Accounting Equation

Loan for Start-ups

The toughest challenge an entrepreneur faces is securing funds for a new business. There are many options to choose from, so it’s important to know the benefits and drawbacks of each. Banks are one of the largest funders of start-ups in India. They provide loans to thousands of start-ups each year. Banks offer various types of loans to start-ups, including loans that can be obtained by willing businesses. The information in this article will tell you more about how Banks offer star-tup funding and how you can get started with this process. We will discuss the types of loan programs offered by banks and briefly go over some questions surrounding bank loans for Startup businesses in India.

Banks offer many loan types for all phases of businesses, including start-ups. The bank wants to see a viable business model, projected returns from the business, and how the business will pay back the loan before granting any assistance. Banks and financial institutions provide many types of loans to service a variety of businesses. Startup companies can avail of working capital loans or term loans, for example. Banks will lend to start-ups that have a good business plan, projected returns from the business, the ability to pay back the loan (through business), management experience and expertise, and security offered.
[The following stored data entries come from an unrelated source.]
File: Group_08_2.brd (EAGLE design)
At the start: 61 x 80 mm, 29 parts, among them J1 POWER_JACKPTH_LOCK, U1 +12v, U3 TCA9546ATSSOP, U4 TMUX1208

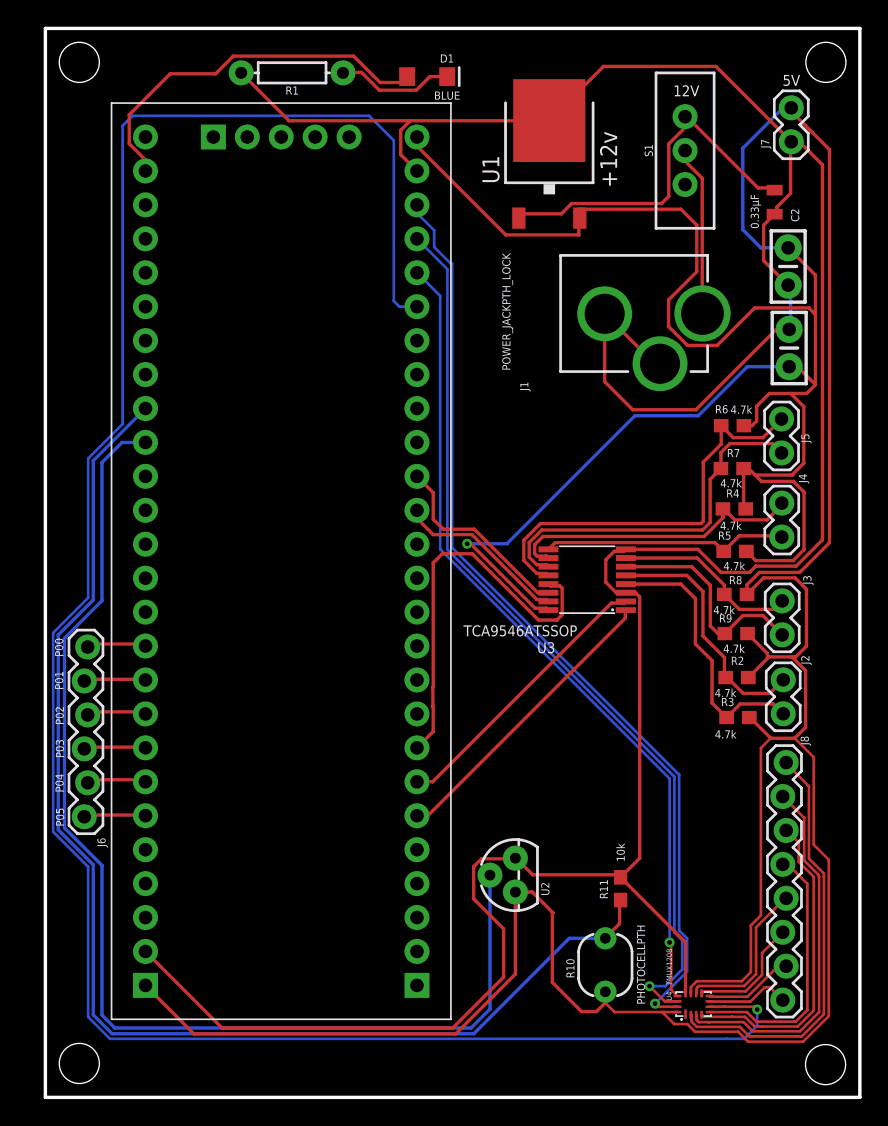
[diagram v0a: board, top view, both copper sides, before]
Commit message: completed routing of smaller board
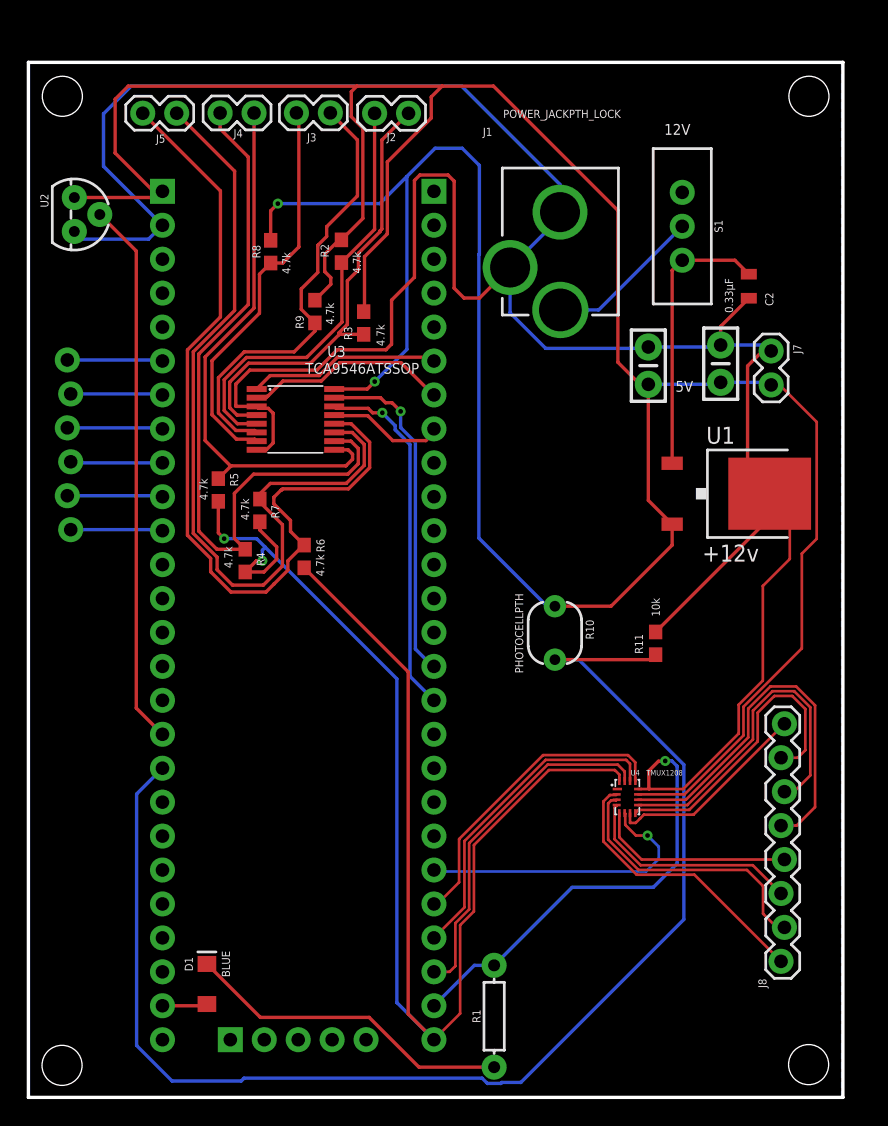
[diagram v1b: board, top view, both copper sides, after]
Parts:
- moved R1 72.2 mm to (34.9, 6.07), turned to 90 degrees
- moved D1 69.9 mm to (13.4, 8.49), turned to 90 degrees
- moved U2 59.5 mm to (3.44, 66.1), turned to 270 degrees
- moved J2 53.0 mm to (28.5, 73.7), turned to 180 degrees
- moved J5 51.9 mm to (11.1, 73.7), turned to 180 degrees
- moved J3 51.7 mm to (22.6, 73.7), turned to 180 degrees
- moved J4 50.7 mm to (16.9, 73.7), turned to 180 degrees
- moved R2 43.5 mm to (23.4, 63.3), turned to 90 degrees
- moved R8 43.2 mm to (18.1, 63.3), turned to 90 degrees
- moved R3 40.7 mm to (25.1, 58.0), turned to 90 degrees
- moved R9 39.7 mm to (21.4, 58.8), turned to 90 degrees
- moved R5 38.9 mm to (14.2, 45.5), turned to 270 degrees
- moved R4 36.8 mm to (16.2, 40.2), turned to 270 degrees
- moved R7 35.5 mm to (17.3, 43.9), turned to 270 degrees
- moved J6 34.2 mm to (2.91, 55.2), flipped to the bottom, turned to 270 degrees
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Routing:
- net MUX_OUT: track 161.3 -> 22.3 mm
- net 5V: track 336.6 -> 385.2 mm, vias 1 -> 4
- net TEMP_OUT: track 87.6 -> 40.8 mm
- net MUX_A0: track 71.0 -> 26.4 mm, vias 1 -> 0
- net MUX_A1: track 68.4 -> 24.5 mm, vias 1 -> 0
- net MUX_A2: track 62.2 -> 23.2 mm, vias 1 -> 0
- net I2C_SDA_3: track 27.7 -> 62.9 mm
- net I2C_SCL_3: track 31.0 -> 65.7 mm
- net I2C_SCL_2: track 22.8 -> 55.6 mm
- net N$26: track 28.3 -> 3.38 mm
- net I2C_SDA_2: track 18.5 -> 41.3 mm
- net I2C_A2: track 29.7 -> 8.79 mm
- net N$13: track 11.9 -> 29.3 mm
- net I2C_SDA_1: track 16.7 -> 34.1 mm
- net N$12: track 8.94 -> 25.7 mm
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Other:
- board size 61 x 80 mm -> 61 x 77.5 mm
- board text removed: "P00"
- board text removed: "P01"
- board text removed: "P02"
- board text removed: "P03"
- board text removed: "P04"
- board text removed: "P05"

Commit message: Adjustments to board file
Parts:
- moved U1 9.03 mm to (44.5, 42.0)
- moved C3 8.42 mm to (44.1, 51.5)
- moved C1 7.73 mm to (39.4, 51.4)
- moved J7 6.77 mm to (49.6, 52.7)
- moved J8 6.65 mm to (49.8, 27.4)
- moved C2 6.09 mm to (49.2, 56.8)
- moved R11 6.01 mm to (42.0, 30.6)
- moved U4 4.87 mm to (41.0, 19.5)
- moved R10 4.35 mm to (36.2, 31.9)
- moved J1 1.27 mm to (38.5, 72.8)
- moved J3 1.27 mm to (21.3, 73.7)
- moved R1 1.27 mm to (33.6, 6.07)
- moved D1 1.27 mm to (12.1, 8.49)
- moved J4 1.27 mm to (15.6, 73.7)
- moved R5 1.27 mm to (12.9, 45.5)
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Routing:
- net 5V: track 385.2 -> 430.2 mm
- net GND: track 233.1 -> 208.4 mm
- net PHOTO_OUT: track 101.1 -> 94.2 mm
- net 12V: track 20.9 -> 27.3 mm
- net MUX_OUT: track 22.3 -> 18.1 mm
- net N$17: track 20.6 -> 17.3 mm
- net N$14: track 14.9 -> 11.7 mm
- net N$16: track 16.8 -> 13.9 mm
- net N$10: track 15.4 -> 18.1 mm
- net MUX_A1: track 24.5 -> 21.8 mm
- net MUX_A2: track 23.2 -> 20.5 mm
- net MUX_A0: track 26.4 -> 23.9 mm
- net N$24: track 7.15 -> 4.81 mm
- net N$22: track 7.15 -> 4.81 mm
- net N$21: track 6.90 -> 4.56 mm
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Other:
- board size 61 x 77.5 mm -> 53.3 x 77.5 mm

Banks typically want collateral for companies without proven business models, but it may be possible to get a loan with some other form of security. Banks are more likely to give loans for equipment as it is a fixed asset.

Further, if a business is looking for a bank loan for the research and development of any technology, they can get this type of a loan. An Asset-backed loan could be used to develop newer technology or market marketing or other business expansion efforts. The bank will offer an Asset-backed loan based on the market value of property that is residential, commercial, or industrial. Banks can lend up to 70% of the assessed market value. Additionally, promoters need to show the bank proof that their business will generate financial returns and how they will fund interest and principal payments on time.

Micro, Small, and Medium Enterprises can obtain capital without collateral by obtaining a loan under the Credit Guarantee Fund Trust Scheme for Micro, Small and Medium Enterprises (CGTMSE Scheme), which is made possible through banks’ lending up to Rs. 1 crore. The CGTMSE Scheme provides funding with no collateral security toward term loans and working capital requirements. Banks provide loans under the CGTMSE scheme selectively.

One of the schemes offered by financial institutions for start-ups is SIDBI’s Growth Capital & Equity Assistance scheme. This scheme provides access to capital for when a company requires it for their promotion, building a brand, expanding distribution networks, improving technical know-how, and the purchase of software. The bank will aid with projects that promote new innovative products and technologies. It can include areas such as unproven technology, a new product, or a process. This help is guaranteed to be in the form of “debt” funding with an interest rate no more than 5% per year

Before approaching any banker, it is important to create a pitch that outlines the business model, the promoter’s background, a revenue model, profit estimates, projected growth rates and possible returns. Once this information is gathered and compiled into a presentable format, such as a Detailed Project Report, the promoters can approach potential banks for funds. Keep in mind that the bank might not give what you are asking for if your request does not fit with their lending policy or lending schemes that they offer. With banks available in every country, and onsite banker, it is much easier to reach out and ask for money. Banks have a well-structured framework to process funding requests, which means faster approval process. All profits/losses also belong to the owner of the start-up, which means fewer heavy deals with venture capitalists and angel investors.